### Task instructions
Write out, without any change, the lines in the material below that run from the line with "#18=AXIS2_PLACEMENT_3D('',#15,#16,#17);" through the line with "#23=PLANE('',#22);", both included.

### Data to process
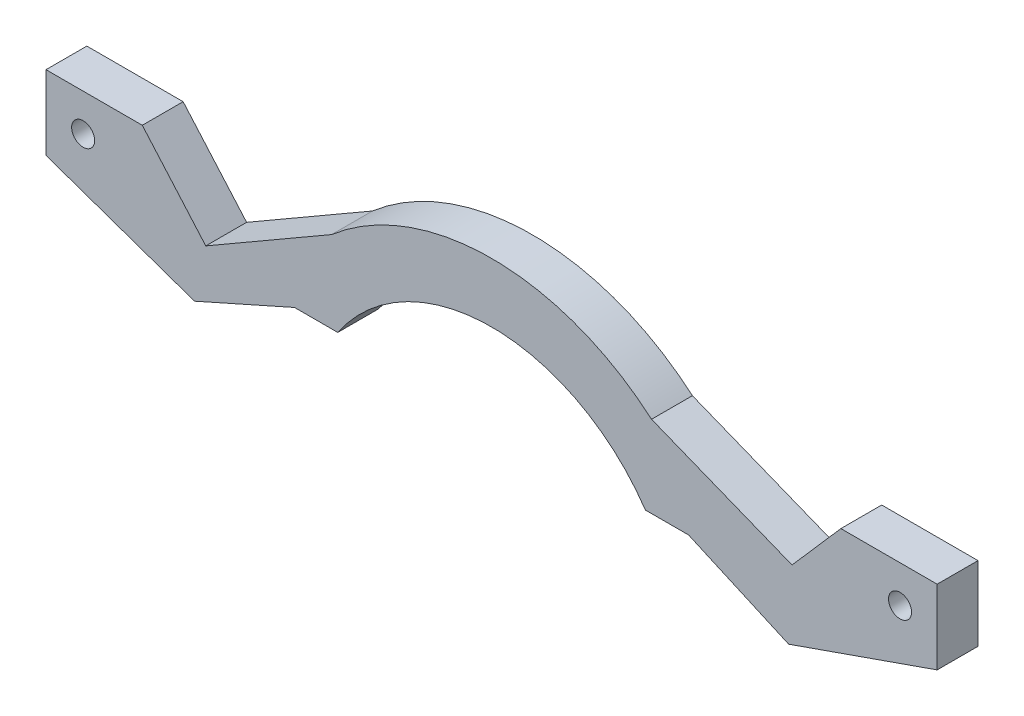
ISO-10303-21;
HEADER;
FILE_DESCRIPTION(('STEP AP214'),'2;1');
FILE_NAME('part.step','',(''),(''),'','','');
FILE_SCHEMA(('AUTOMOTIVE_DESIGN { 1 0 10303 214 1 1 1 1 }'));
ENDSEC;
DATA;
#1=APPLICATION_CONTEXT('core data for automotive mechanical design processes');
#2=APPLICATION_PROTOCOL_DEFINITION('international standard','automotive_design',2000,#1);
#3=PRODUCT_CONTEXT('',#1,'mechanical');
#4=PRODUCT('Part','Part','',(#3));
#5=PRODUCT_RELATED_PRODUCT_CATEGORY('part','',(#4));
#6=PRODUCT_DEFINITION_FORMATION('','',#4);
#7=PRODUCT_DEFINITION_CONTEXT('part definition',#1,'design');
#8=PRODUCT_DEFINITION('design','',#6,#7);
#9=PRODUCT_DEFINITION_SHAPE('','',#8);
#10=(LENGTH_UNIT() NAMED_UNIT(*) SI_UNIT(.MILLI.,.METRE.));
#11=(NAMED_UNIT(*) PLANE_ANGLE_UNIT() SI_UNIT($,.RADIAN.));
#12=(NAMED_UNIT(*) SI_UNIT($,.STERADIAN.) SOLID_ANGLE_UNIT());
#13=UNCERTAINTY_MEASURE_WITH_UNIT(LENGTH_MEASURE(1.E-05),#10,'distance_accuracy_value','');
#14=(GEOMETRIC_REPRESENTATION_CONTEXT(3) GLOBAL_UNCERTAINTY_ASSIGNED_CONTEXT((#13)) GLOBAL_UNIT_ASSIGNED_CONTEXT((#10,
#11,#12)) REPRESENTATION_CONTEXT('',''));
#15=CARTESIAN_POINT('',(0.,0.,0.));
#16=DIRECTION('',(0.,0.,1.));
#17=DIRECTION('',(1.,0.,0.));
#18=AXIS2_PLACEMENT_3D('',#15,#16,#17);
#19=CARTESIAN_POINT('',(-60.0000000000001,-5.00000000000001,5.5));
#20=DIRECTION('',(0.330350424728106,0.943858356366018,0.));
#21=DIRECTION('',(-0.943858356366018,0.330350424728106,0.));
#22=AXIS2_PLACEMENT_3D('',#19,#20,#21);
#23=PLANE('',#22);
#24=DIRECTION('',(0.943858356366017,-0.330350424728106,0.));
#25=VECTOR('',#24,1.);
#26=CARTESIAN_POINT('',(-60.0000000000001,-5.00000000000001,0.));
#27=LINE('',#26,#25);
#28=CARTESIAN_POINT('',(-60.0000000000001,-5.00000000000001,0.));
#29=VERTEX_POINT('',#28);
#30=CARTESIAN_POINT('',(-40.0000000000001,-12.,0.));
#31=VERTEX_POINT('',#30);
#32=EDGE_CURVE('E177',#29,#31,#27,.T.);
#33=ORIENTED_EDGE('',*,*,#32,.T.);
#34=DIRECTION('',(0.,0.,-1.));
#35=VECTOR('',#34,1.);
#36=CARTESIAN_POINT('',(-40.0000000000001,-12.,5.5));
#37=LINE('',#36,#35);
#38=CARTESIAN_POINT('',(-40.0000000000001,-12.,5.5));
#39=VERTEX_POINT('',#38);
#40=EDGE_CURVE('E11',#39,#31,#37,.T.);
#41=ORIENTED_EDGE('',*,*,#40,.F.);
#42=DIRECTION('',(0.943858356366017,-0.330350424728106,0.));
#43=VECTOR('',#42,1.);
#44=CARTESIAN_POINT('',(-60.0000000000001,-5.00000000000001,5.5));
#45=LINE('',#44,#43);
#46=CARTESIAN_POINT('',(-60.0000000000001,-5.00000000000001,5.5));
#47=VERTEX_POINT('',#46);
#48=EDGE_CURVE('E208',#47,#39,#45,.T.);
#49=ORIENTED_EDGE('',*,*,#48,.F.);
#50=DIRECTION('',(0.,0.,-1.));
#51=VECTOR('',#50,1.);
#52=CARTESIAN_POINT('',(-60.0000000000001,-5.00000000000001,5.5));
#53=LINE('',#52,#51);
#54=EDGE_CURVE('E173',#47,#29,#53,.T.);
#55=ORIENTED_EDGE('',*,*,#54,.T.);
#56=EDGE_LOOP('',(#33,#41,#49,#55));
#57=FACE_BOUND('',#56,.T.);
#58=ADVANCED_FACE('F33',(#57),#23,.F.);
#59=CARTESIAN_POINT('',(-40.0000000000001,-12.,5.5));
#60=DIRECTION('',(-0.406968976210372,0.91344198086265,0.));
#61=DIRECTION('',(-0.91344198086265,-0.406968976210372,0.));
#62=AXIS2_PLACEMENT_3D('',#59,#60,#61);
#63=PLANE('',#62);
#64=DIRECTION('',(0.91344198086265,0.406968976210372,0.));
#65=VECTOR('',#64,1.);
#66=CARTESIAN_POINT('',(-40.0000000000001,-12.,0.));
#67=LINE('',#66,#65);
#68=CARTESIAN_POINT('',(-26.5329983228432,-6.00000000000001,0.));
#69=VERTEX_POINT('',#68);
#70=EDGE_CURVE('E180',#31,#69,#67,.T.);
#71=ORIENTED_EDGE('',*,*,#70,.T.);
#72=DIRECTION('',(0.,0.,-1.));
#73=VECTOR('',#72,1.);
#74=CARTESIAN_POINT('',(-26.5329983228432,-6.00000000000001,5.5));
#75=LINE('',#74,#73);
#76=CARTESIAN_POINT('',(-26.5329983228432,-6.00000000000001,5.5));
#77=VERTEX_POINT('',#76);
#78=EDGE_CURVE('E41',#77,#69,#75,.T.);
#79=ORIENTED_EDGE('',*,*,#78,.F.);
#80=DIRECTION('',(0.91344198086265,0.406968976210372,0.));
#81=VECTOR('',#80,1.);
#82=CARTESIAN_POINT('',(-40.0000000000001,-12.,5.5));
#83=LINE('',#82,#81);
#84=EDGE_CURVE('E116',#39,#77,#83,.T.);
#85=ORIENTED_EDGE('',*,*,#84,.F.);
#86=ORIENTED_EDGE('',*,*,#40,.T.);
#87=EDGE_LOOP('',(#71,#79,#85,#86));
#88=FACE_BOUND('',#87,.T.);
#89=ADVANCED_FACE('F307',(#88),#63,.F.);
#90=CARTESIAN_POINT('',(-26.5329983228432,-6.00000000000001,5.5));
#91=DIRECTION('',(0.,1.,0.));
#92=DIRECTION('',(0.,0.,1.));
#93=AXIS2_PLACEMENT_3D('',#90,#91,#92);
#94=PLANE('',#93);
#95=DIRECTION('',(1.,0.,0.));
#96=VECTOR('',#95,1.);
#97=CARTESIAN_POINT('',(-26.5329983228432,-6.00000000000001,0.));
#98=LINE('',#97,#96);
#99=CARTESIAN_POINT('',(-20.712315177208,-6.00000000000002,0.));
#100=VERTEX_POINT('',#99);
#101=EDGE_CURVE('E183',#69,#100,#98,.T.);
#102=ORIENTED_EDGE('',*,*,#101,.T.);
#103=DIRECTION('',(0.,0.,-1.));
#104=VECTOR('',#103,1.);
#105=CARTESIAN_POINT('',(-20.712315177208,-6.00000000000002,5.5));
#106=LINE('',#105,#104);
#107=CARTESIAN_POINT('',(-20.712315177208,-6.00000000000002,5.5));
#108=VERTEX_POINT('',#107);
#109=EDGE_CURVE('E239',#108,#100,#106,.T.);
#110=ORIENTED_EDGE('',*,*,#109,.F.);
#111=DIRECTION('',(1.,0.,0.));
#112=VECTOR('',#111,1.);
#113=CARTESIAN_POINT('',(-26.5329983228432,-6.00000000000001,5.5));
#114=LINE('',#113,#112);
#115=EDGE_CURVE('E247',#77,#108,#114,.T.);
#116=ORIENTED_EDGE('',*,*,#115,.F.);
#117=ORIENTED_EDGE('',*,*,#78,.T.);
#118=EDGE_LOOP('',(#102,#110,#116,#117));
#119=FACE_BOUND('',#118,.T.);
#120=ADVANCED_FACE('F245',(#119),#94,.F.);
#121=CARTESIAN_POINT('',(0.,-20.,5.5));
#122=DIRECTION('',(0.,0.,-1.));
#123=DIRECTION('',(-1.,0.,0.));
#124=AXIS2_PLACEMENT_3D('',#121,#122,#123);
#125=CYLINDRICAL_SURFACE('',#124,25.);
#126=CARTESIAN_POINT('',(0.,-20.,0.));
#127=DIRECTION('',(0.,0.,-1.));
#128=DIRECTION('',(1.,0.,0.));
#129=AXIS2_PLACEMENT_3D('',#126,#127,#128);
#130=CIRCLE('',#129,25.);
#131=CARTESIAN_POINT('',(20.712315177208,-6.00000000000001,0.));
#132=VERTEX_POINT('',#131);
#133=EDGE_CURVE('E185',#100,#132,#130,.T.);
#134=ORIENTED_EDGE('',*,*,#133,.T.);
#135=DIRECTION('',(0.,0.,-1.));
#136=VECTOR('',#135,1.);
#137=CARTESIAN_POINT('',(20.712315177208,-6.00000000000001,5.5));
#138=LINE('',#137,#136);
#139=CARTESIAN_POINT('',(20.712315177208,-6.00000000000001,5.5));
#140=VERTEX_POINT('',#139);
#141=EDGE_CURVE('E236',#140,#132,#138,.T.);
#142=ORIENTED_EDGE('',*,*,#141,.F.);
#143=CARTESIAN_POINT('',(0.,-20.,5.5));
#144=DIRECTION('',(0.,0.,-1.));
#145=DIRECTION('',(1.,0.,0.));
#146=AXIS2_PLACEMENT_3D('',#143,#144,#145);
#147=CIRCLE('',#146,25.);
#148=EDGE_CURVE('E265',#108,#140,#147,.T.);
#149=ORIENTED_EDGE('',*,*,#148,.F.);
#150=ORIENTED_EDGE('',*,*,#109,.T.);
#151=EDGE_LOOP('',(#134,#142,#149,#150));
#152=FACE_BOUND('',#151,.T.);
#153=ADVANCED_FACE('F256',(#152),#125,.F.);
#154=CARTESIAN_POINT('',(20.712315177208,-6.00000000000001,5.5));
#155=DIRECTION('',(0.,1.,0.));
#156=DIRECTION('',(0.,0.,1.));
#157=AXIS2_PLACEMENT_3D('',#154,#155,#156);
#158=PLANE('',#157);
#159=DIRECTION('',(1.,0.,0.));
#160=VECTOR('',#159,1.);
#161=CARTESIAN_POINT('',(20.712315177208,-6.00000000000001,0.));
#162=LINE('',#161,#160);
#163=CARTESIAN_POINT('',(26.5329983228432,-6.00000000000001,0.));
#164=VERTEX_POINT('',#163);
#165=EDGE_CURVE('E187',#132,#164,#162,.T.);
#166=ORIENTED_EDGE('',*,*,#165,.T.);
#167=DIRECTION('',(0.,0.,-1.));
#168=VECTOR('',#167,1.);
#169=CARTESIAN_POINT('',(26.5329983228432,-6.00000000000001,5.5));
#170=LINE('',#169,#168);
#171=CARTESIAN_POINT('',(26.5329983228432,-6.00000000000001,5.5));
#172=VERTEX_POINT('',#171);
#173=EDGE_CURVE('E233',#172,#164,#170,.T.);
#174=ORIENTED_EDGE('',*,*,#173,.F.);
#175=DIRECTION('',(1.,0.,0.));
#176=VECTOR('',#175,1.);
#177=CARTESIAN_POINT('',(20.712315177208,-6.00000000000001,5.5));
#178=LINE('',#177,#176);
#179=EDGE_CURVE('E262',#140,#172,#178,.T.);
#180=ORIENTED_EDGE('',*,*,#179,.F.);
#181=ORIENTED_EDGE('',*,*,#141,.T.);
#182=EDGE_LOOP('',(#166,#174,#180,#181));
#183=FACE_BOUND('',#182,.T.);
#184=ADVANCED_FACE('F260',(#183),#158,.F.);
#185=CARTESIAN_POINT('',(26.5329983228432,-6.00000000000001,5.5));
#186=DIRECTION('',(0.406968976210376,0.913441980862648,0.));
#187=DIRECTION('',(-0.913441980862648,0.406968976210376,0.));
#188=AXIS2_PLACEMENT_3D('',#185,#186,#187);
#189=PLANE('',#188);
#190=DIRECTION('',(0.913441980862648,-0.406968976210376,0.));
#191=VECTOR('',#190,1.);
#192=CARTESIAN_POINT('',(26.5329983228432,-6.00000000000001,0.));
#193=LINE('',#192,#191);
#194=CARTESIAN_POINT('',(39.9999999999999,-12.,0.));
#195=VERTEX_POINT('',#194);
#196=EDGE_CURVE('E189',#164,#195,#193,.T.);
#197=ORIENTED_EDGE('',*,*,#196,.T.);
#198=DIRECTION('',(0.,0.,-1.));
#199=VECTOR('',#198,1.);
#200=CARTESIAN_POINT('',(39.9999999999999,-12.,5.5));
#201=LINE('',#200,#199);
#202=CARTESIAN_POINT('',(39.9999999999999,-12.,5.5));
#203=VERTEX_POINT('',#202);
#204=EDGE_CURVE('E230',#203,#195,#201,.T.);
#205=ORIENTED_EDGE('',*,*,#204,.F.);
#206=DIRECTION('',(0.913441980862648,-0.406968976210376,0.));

### Worked solution
#18=AXIS2_PLACEMENT_3D('',#15,#16,#17);
#19=CARTESIAN_POINT('',(-60.0000000000001,-5.00000000000001,5.5));
#20=DIRECTION('',(0.330350424728106,0.943858356366018,0.));
#21=DIRECTION('',(-0.943858356366018,0.330350424728106,0.));
#22=AXIS2_PLACEMENT_3D('',#19,#20,#21);
#23=PLANE('',#22);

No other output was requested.